§ **WHAT TO PRODUCE**:
Search the records for the string "drawing" and copy every line where it turns up.
----- DATASET ENTRIES
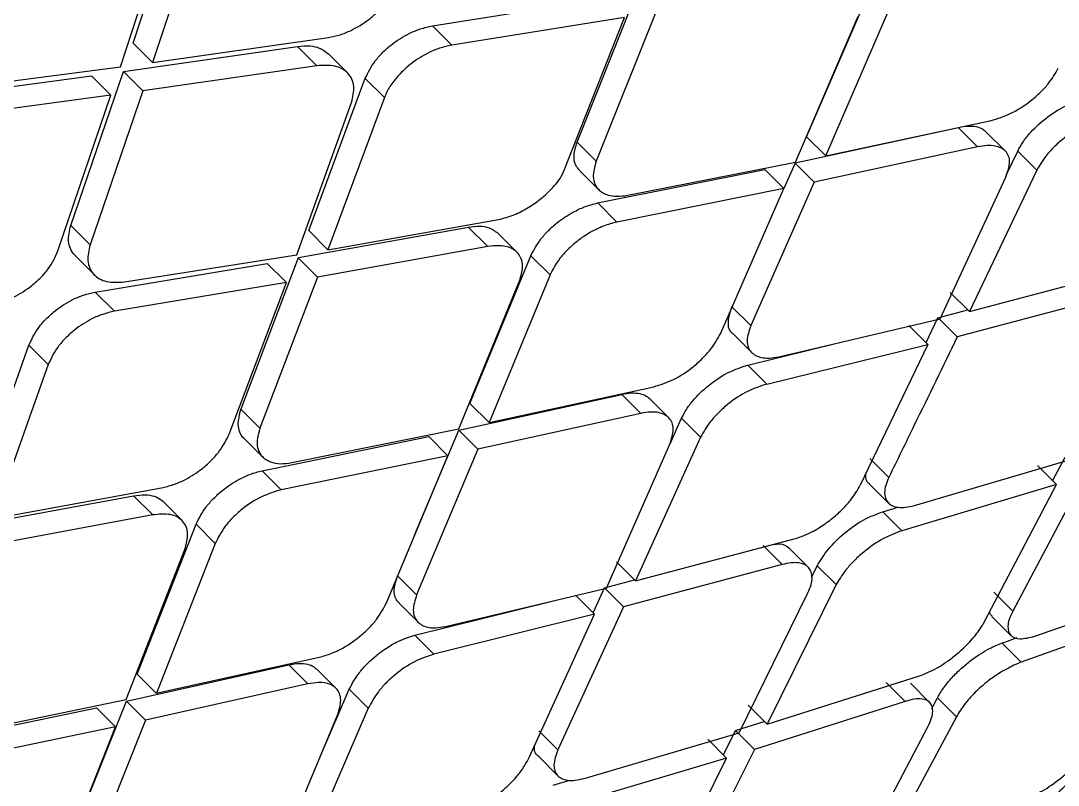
# Model space of a CAD drawing. Extents: x 943 to 1030, y 781 to 934.
# Drawn here: x 956.888 to 957.756, y 879.905 to 880.545 of the extents above; entities that cross this region are included whole.
import ezdxf

# ---------------------------------------------------------------- set-up
doc = ezdxf.new("R2010")
doc.units = 0
doc.header["$MEASUREMENT"] = 0
doc.layers.add('1', color=4, linetype='Continuous')

# ---------------------------------------------------------------- blocks, each defined once
blk = doc.blocks.new('AIRA')
at = {"layer": '1', "color": 3, "linetype": 'Continuous', "lineweight": 25}
for p, q in [((13.80479, 77.3602), (13.84831, 77.4913)), ((13.86462, 77.475), (13.82103, 77.34397)), ((13.79419, 77.34031), (13.83745, 77.47167)), ((14.36839, 77.28173), (14.42118, 77.40358)), ((14.05529, 77.37448), (14.2, 77.39773)), ((14.17631, 77.2773), (14.22614, 77.4021)), ((14.24225, 77.386), (14.19237, 77.26126)), ((14.38439, 77.26574), (14.43722, 77.38755)), ((14.21611, 77.38164), (14.07144, 77.35834)), ((14.16657, 77.25655), (14.21611, 77.38164)), ((14.3591, 77.26053), (14.41158, 77.38269)), ((14.07144, 77.35834), (14.0553, 77.37448)), ((13.82102, 77.34397), (13.80478, 77.3602)), ((13.82102, 77.34397), (13.9682, 77.36476)), ((13.79678, 77.33649), (13.94227, 77.35735)), ((13.95846, 77.34118), (13.94227, 77.35735)), ((13.98423, 77.33514), (13.96806, 77.3513)), ((13.64572, 77.3208), (13.79418, 77.34031)), ((13.75268, 77.20764), (13.79678, 77.33649)), ((13.79681, 77.33646), (13.81302, 77.32026)), ((13.95846, 77.34118), (13.81302, 77.32026)), ((13.6218, 77.313), (13.76998, 77.33279)), ((13.78622, 77.31656), (13.76998, 77.33278)), ((13.95177, 77.2034), (13.99914, 77.33066)), ((14.01528, 77.31452), (13.99915, 77.33064)), ((13.78622, 77.31656), (13.63809, 77.29672)), ((13.74195, 77.1862), (13.78622, 77.31656)), ((13.81302, 77.32026), (13.76885, 77.19148)), ((13.94181, 77.18286), (13.98763, 77.31055)), ((14.01528, 77.31452), (13.96786, 77.18731)), ((14.38439, 77.26574), (14.52275, 77.29534)), ((14.49546, 77.2893), (14.35874, 77.25967)), ((14.36839, 77.28173), (14.38439, 77.26574)), ((14.51143, 77.27334), (14.49546, 77.2893)), ((14.53461, 77.26991), (14.51856, 77.28594)), ((14.19236, 77.26126), (14.17631, 77.2773)), ((14.51143, 77.27334), (14.37473, 77.24369)), ((14.53578, 77.25011), (14.54517, 77.26975)), ((14.56112, 77.25381), (14.54519, 77.26973)), ((14.21887, 77.2328), (14.35909, 77.26053)), ((14.35874, 77.25967), (14.34939, 77.23853)), ((14.35877, 77.25964), (14.37473, 77.24369)), ((14.17857, 77.25336), (14.19446, 77.23748)), ((14.19358, 77.22636), (14.33349, 77.25441)), ((14.34949, 77.23843), (14.33349, 77.25441)), ((14.48028, 77.12951), (14.53528, 77.24803)), ((14.56112, 77.25381), (14.50462, 77.13567)), ((14.34949, 77.23843), (14.20961, 77.21035)), ((14.29625, 77.11703), (14.34949, 77.23843)), ((14.37473, 77.24369), (14.32167, 77.12379)), ((14.19359, 77.22636), (14.20961, 77.21035)), ((13.96786, 77.18731), (14.11058, 77.21255)), ((13.76885, 77.19148), (13.75267, 77.20764)), ((14.08551, 77.20589), (13.94311, 77.18037)), ((14.10156, 77.18986), (14.08551, 77.20589)), ((13.96786, 77.18731), (13.95176, 77.2034)), ((14.12599, 77.18517), (14.11007, 77.20109)), ((14.10156, 77.18986), (13.95917, 77.16428)), ((13.75624, 77.18239), (13.77239, 77.16625)), ((13.7976, 77.16031), (13.9418, 77.18286)), ((13.94308, 77.18036), (13.89488, 77.05393)), ((13.95917, 77.16428), (13.94312, 77.18033)), ((14.0867, 77.05863), (14.13768, 77.18228)), ((14.15372, 77.16625), (14.13772, 77.18225)), ((13.77313, 77.15185), (13.91707, 77.17587)), ((13.93317, 77.15979), (13.91707, 77.17587)), ((14.50462, 77.13567), (14.63763, 77.17062)), ((13.95917, 77.16428), (13.91092, 77.03791)), ((14.07745, 77.03738), (14.12818, 77.1613)), ((14.15372, 77.16625), (14.10266, 77.04268)), ((13.78926, 77.13573), (13.77314, 77.15185)), ((13.93317, 77.15979), (13.78926, 77.13573)), ((13.88524, 77.03308), (13.93317, 77.15979)), ((14.50462, 77.13567), (14.4887, 77.15159)), ((14.62696, 77.14958), (14.49433, 77.11425)), ((14.32167, 77.12379), (14.30571, 77.13974)), ((14.47838, 77.13019), (14.50344, 77.13685)), ((14.3453, 77.09775), (14.48028, 77.12951)), ((14.46842, 77.10966), (14.47838, 77.13018)), ((14.49433, 77.11425), (14.47841, 77.13016)), ((14.30662, 77.11715), (14.32257, 77.10121)), ((14.47002, 77.10806), (14.45409, 77.12397)), ((14.3193, 77.09081), (14.39597, 77.10967)), ((14.33524, 77.07488), (14.47002, 77.10806)), ((14.47002, 77.10806), (14.41327, 76.99017)), ((13.67182, 76.97855), (13.71765, 77.10735)), ((13.73378, 77.09123), (13.71767, 77.10733)), ((13.73378, 77.09123), (13.6879, 76.96248)), ((14.31931, 77.0908), (14.33524, 77.07488)), ((14.07735, 77.03626), (14.2137, 77.06626)), ((14.10266, 77.04268), (14.24063, 77.07267)), ((14.22965, 77.05032), (14.2137, 77.06626)), ((14.10266, 77.04268), (14.08668, 77.05865)), ((14.25293, 77.04679), (14.23689, 77.06282)), ((13.91092, 77.0379), (13.89488, 77.05393)), ((14.22965, 77.05032), (14.09333, 77.02029)), ((14.25392, 77.02443), (14.26384, 77.04629)), ((14.26386, 77.04627), (14.27977, 77.03036)), ((13.89729, 77.02985), (13.91332, 77.01383)), ((13.91278, 77.00237), (14.05216, 77.03092)), ((13.93774, 77.00913), (14.07745, 77.03738)), ((14.04038, 76.94834), (14.07735, 77.03626)), ((14.06817, 77.01495), (14.05219, 77.03092)), ((14.09333, 77.02029), (14.07736, 77.03626)), ((14.27978, 77.03036), (14.22525, 76.91025)), ((14.20094, 76.90406), (14.25397, 77.02454)), ((14.06817, 77.01495), (13.92879, 76.98637)), ((14.01676, 76.89173), (14.06817, 77.01495)), ((14.09333, 77.02029), (14.04209, 76.89857)), ((14.43722, 76.99672), (14.42132, 77.01261)), ((14.57431, 76.99392), (14.58486, 77.01386)), ((14.45868, 76.97332), (14.58838, 77.01156)), ((14.57749, 76.99074), (14.56158, 77.00664)), ((13.92879, 76.98638), (13.91279, 77.00237)), ((14.60078, 76.99794), (14.54091, 76.88485)), ((13.6879, 76.96248), (13.82992, 76.98842)), ((14.42106, 76.99118), (14.43692, 76.97533)), ((14.57749, 76.99074), (14.44814, 76.95213)), ((14.51739, 76.8762), (14.57749, 76.99074)), ((13.66343, 76.95522), (13.80517, 76.98144)), ((13.80517, 76.98145), (13.8212, 76.96543)), ((13.84575, 76.96061), (13.82956, 76.97679)), ((14.43225, 76.96802), (14.44498, 76.97182)), ((13.8212, 76.96542), (13.6795, 76.93916)), ((14.43225, 76.96801), (14.44814, 76.95213)), ((13.80828, 76.83226), (13.85757, 76.9576)), ((13.87357, 76.94161), (13.85759, 76.95758)), ((14.22525, 76.91025), (14.35816, 76.94529)), ((13.79914, 76.81091), (13.84813, 76.93655)), ((13.87357, 76.94161), (13.82426, 76.81629)), ((14.34788, 76.92387), (14.33198, 76.93975)), ((14.36982, 76.92166), (14.35387, 76.93761)), ((14.22525, 76.91025), (14.20934, 76.92615)), ((14.34788, 76.92387), (14.2153, 76.88848)), ((14.37275, 76.91367), (14.37734, 76.92294)), ((14.39323, 76.90706), (14.37736, 76.92292)), ((14.04209, 76.89857), (14.02615, 76.91451)), ((14.1994, 76.90438), (14.22444, 76.91106)), ((14.06618, 76.87208), (14.20094, 76.90406)), ((14.18978, 76.88351), (14.19939, 76.90438)), ((14.2153, 76.88848), (14.19942, 76.90435)), ((14.31202, 76.78313), (14.36954, 76.90025)), ((14.39323, 76.90706), (14.33539, 76.79027)), ((14.54091, 76.88485), (14.52501, 76.90075)), ((14.55943, 76.86393), (14.68311, 76.90697)), ((14.0275, 76.89147), (14.04335, 76.87563)), ((14.04056, 76.86476), (14.15554, 76.89329)), ((14.19104, 76.88225), (14.17513, 76.89815)), ((14.19104, 76.88225), (14.05648, 76.84885)), ((14.13628, 76.76237), (14.19104, 76.88225)), ((14.2153, 76.88848), (14.16022, 76.76893)), ((14.52357, 76.8805), (14.53943, 76.86466)), ((14.05648, 76.84885), (14.04057, 76.86475)), ((14.53216, 76.85825), (14.5447, 76.86276)), ((14.54806, 76.84236), (14.53216, 76.85825)), ((13.79928, 76.80955), (13.93521, 76.83996)), ((13.82425, 76.81629), (13.96179, 76.84672)), ((13.95114, 76.82404), (13.93521, 76.83996)), ((13.82425, 76.81629), (13.80829, 76.83225)), ((13.97449, 76.82042), (13.95846, 76.83644)), ((14.33539, 76.79027), (14.46293, 76.83068)), ((13.95114, 76.82404), (13.81525, 76.79359)), ((14.45084, 76.80944), (14.43496, 76.82532)), ((14.47142, 76.8086), (14.45544, 76.82457)), ((13.96191, 76.76437), (13.98573, 76.81961)), ((14.00165, 76.80369), (13.98575, 76.81959)), ((13.63535, 76.77501), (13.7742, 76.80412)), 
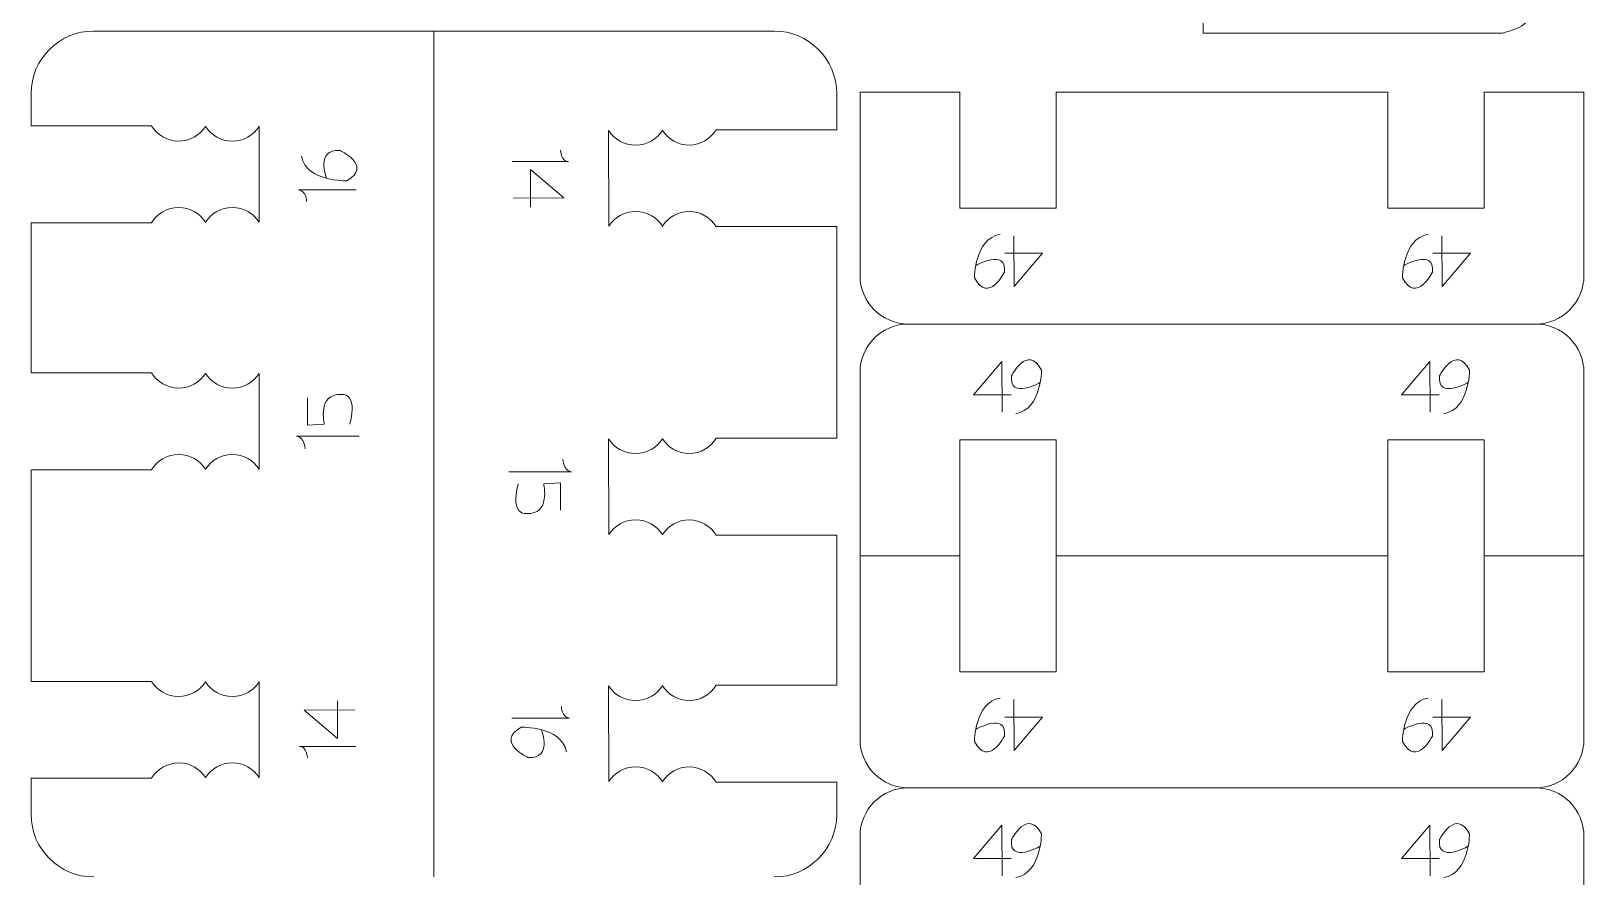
# Model space of a CAD drawing. Header units: centimetres. Extents: x -25 to 25, y -32.5 to 32.5.
# Drawn here: x -17.586 to -12.726, y 6.311 to 8.96 of the extents above; entities that cross this region are included whole.
import ezdxf

# ---------------------------------------------------------------- set-up
doc = ezdxf.new("R2010")
doc.units = ezdxf.units.CM
doc.header["$MEASUREMENT"] = 0
doc.layers.add('Capa 1', color=7, linetype='Continuous')

msp = doc.modelspace()

# ---------------------------------------------------------------- linework, layer by layer
at = {"layer": 'Capa 1', "color": 250, "lineweight": 9}
for points, knots in [([(-13.9175, 19.39286), (-13.9175, 19.39286), (-13.9175, 19.66581), (-13.9175, 19.66581), (-13.9175, 19.66581), (-13.59753, 19.66581), (-13.27755, 19.66581), (-12.95758, 19.66581), (-12.95758, 19.66581), (-12.90801, 19.6633), (-12.88486, 19.63874), (-12.87993, 19.58718), (-12.87993, 19.58718), (-12.87993, 16.07446), (-12.87993, 12.56173), (-12.87993, 9.04901), (-12.87993, 9.04901), (-12.89038, 8.97926), (-12.93003, 8.96794), (-12.98072, 8.95387), (-12.98072, 8.95387), (-12.98072, 8.95387), (-13.9175, 8.95387), (-13.9175, 8.95387), (-13.9175, 8.95387), (-13.9175, 8.95387), (-13.9175, 9.22682), (-13.9175, 9.22682)], [0, 0, 0, 0, 0.125, 0.125, 0.125, 0.125, 0.25, 0.25, 0.25, 0.25, 0.375, 0.375, 0.375, 0.375, 0.5, 0.5, 0.5, 0.5, 0.625, 0.625, 0.625, 0.625, 0.75, 0.75, 0.75, 0.75, 1, 1, 1, 1]), ([(-17.39041, 8.96041), (-17.49821, 8.96041), (-17.58641, 8.87221), (-17.58641, 8.76441), (-17.58641, 8.76441), (-17.58641, 8.76441), (-17.58641, 8.6633), (-17.58641, 8.6633), (-17.58641, 8.6633), (-17.58641, 8.6633), (-17.20912, 8.6633), (-17.20912, 8.6633), (-17.20912, 8.6633), (-17.19134, 8.6356), (-17.16042, 8.61576), (-17.12506, 8.61576), (-17.12506, 8.61576), (-17.0897, 8.61576), (-17.05862, 8.63412), (-17.04084, 8.66182)], [0, 0, 0, 0, 0.1666667, 0.1666667, 0.1666667, 0.1666667, 0.3333333, 0.3333333, 0.3333333, 0.3333333, 0.5, 0.5, 0.5, 0.5, 0.6666667, 0.6666667, 0.6666667, 0.6666667, 1, 1, 1, 1]), ([(-15.26053, 8.96041), (-15.15273, 8.96041), (-15.06453, 8.87221), (-15.06453, 8.76441), (-15.06453, 8.76441), (-15.06453, 8.76441), (-15.06453, 8.6509), (-15.06453, 8.6509), (-15.06453, 8.6509), (-15.06453, 8.6509), (-15.44182, 8.6509), (-15.44182, 8.6509), (-15.44182, 8.6509), (-15.4596, 8.6232), (-15.49068, 8.60333), (-15.52604, 8.60333), (-15.52604, 8.60333), (-15.5614, 8.60333), (-15.59248, 8.62169), (-15.61026, 8.64939)], [0, 0, 0, 0, 0.1666667, 0.1666667, 0.1666667, 0.1666667, 0.3333333, 0.3333333, 0.3333333, 0.3333333, 0.5, 0.5, 0.5, 0.5, 0.6666667, 0.6666667, 0.6666667, 0.6666667, 1, 1, 1, 1]), ([(-14.84053, 8.04295), (-14.88068, 8.043), (-14.9192, 8.05901), (-14.94754, 8.08735), (-14.94754, 8.08735), (-14.97588, 8.11574), (-14.99185, 8.15412), (-14.9918, 8.19426), (-14.9918, 8.19426), (-14.9918, 8.19426), (-14.9918, 8.76917), (-14.9918, 8.76917), (-14.9918, 8.76917), (-14.9918, 8.76917), (-14.67961, 8.76917), (-14.67961, 8.76917), (-14.67961, 8.76917), (-14.67961, 8.76917), (-14.67961, 8.40608), (-14.67961, 8.40608), (-14.67961, 8.40608), (-14.67961, 8.40608), (-14.37833, 8.40608), (-14.37833, 8.40608), (-14.37833, 8.40608), (-14.37833, 8.40608), (-14.37833, 8.76917), (-14.37833, 8.76917), (-14.37833, 8.76917), (-14.37833, 8.76917), (-13.33964, 8.76917), (-13.33964, 8.76917), (-13.33964, 8.76917), (-13.33964, 8.76917), (-13.33964, 8.40608), (-13.33964, 8.40608), (-13.33964, 8.40608), (-13.33964, 8.40608), (-13.0383, 8.40608), (-13.0383, 8.40608), (-13.0383, 8.40608), (-13.0383, 8.40608), (-13.0383, 8.76917), (-13.0383, 8.76917), (-13.0383, 8.76917), (-13.0383, 8.76917), (-12.72611, 8.76917), (-12.72611, 8.76917), (-12.72611, 8.76917), (-12.72611, 8.76917), (-12.72611, 8.19426), (-12.72611, 8.19426), (-12.72611, 8.19426), (-12.72616, 8.15412), (-12.74213, 8.11555), (-12.77051, 8.08721), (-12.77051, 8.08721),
----------
§ **YOUR RESPONSE**:
# Model space of a CAD drawing. Extents: x 943 to 1030, y 781 to 934.
# Model space of a CAD drawing. Header units: centimetres. Extents: x -25 to 25, y -32.5 to 32.5.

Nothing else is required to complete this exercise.